* [Goal of the exercise]
Lines with the word "mode" in them are the ones to copy from the records.

━━━━━ Data provided

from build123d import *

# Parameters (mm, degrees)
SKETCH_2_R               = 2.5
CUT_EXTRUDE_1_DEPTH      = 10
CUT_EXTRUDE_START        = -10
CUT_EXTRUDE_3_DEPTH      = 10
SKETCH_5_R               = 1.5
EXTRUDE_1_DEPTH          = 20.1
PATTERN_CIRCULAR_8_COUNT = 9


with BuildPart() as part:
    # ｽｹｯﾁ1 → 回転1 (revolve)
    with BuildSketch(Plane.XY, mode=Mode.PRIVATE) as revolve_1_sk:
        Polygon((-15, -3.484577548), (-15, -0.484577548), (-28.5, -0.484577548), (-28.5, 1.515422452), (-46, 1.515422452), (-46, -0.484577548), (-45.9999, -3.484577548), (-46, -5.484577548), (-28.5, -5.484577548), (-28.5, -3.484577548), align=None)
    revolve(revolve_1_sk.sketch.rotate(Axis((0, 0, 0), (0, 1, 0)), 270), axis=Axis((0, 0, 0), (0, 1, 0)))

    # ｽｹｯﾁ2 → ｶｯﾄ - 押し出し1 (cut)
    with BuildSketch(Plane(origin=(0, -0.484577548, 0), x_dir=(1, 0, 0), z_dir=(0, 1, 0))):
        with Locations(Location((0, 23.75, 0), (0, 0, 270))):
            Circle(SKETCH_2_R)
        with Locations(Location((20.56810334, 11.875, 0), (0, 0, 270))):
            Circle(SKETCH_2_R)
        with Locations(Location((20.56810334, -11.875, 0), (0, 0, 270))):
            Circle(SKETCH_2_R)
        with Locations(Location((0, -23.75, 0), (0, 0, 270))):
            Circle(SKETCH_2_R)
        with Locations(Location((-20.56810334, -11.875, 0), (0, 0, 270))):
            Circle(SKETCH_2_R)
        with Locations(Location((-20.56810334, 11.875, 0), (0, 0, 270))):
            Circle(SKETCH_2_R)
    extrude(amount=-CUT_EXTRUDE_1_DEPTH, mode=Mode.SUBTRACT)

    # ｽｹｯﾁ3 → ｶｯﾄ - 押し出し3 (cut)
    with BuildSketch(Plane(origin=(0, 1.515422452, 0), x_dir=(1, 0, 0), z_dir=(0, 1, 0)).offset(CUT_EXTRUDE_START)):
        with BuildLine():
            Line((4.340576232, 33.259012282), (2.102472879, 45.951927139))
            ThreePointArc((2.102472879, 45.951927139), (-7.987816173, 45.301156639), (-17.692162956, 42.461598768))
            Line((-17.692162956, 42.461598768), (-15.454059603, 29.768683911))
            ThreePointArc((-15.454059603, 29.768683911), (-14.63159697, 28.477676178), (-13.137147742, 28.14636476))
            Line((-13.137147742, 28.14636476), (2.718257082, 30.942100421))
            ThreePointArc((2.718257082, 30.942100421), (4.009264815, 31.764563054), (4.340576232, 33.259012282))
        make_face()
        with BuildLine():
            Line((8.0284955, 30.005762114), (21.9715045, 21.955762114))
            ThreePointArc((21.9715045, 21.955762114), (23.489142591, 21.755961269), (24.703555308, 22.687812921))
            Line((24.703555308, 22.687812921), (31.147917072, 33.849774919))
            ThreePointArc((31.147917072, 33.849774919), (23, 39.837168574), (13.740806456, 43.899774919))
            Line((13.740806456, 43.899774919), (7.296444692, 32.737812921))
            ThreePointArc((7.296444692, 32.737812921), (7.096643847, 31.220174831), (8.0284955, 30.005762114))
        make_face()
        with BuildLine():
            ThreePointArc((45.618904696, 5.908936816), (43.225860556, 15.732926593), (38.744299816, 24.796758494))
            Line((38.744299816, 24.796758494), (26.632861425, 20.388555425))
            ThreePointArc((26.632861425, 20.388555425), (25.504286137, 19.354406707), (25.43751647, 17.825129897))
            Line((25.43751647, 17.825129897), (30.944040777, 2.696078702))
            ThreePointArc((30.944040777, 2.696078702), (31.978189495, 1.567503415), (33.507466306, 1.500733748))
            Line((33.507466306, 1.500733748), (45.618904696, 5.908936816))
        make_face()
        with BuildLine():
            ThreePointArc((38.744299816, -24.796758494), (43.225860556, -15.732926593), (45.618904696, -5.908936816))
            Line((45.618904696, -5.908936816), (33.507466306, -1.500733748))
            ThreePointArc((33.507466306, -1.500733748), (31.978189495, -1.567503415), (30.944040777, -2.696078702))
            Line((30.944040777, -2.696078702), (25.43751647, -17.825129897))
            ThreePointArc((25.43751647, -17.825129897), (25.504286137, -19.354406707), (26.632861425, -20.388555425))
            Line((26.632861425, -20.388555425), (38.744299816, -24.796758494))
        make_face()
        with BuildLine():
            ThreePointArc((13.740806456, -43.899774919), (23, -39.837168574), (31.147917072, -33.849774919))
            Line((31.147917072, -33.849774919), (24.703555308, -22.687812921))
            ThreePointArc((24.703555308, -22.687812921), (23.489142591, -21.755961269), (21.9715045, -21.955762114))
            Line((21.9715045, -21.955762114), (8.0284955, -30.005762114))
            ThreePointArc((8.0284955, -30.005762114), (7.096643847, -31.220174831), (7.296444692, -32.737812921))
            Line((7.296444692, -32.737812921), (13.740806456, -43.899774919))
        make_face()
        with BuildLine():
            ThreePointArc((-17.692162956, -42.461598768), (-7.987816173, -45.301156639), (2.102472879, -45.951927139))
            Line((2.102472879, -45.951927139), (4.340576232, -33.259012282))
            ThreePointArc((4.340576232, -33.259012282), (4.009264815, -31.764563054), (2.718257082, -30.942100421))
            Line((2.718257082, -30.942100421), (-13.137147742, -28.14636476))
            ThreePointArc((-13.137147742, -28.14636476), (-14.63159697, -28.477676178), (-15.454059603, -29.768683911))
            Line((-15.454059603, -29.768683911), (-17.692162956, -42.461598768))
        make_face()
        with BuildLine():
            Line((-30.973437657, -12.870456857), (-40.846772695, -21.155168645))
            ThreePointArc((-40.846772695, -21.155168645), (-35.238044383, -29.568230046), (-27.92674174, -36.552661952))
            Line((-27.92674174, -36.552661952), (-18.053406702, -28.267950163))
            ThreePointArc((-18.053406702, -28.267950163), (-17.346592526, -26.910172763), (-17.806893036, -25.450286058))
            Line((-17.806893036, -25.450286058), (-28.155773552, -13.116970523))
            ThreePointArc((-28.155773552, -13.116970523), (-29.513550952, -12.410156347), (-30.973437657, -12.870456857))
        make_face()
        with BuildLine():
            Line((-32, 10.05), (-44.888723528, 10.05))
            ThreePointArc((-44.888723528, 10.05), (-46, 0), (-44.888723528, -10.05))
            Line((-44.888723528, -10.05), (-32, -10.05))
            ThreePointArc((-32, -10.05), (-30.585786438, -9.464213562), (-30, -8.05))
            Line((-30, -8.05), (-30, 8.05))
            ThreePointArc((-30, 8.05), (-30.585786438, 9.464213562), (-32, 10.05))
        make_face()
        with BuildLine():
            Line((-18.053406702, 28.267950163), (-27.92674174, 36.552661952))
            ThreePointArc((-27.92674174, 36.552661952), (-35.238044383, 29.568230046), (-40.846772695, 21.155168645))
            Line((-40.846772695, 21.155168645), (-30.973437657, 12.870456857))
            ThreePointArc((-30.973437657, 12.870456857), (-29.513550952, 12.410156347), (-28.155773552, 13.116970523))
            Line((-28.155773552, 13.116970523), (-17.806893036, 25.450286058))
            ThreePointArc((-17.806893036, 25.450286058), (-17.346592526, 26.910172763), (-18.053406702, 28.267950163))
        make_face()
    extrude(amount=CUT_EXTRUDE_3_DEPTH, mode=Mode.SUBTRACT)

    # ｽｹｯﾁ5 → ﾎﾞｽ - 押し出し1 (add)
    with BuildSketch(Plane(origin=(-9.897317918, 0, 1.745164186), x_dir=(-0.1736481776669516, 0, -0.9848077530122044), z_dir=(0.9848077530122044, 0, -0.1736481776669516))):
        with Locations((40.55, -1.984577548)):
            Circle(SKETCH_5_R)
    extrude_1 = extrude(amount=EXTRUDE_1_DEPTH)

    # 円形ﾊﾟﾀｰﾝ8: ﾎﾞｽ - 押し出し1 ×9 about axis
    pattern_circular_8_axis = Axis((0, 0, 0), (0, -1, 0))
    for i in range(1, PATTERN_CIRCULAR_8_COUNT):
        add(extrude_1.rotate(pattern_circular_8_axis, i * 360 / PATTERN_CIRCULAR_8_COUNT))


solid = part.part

━━━━━━━━━━

* [Result below]
    with BuildSketch(Plane.XY, mode=Mode.PRIVATE) as revolve_1_sk:
    extrude(amount=-CUT_EXTRUDE_1_DEPTH, mode=Mode.SUBTRACT)
    extrude(amount=CUT_EXTRUDE_3_DEPTH, mode=Mode.SUBTRACT)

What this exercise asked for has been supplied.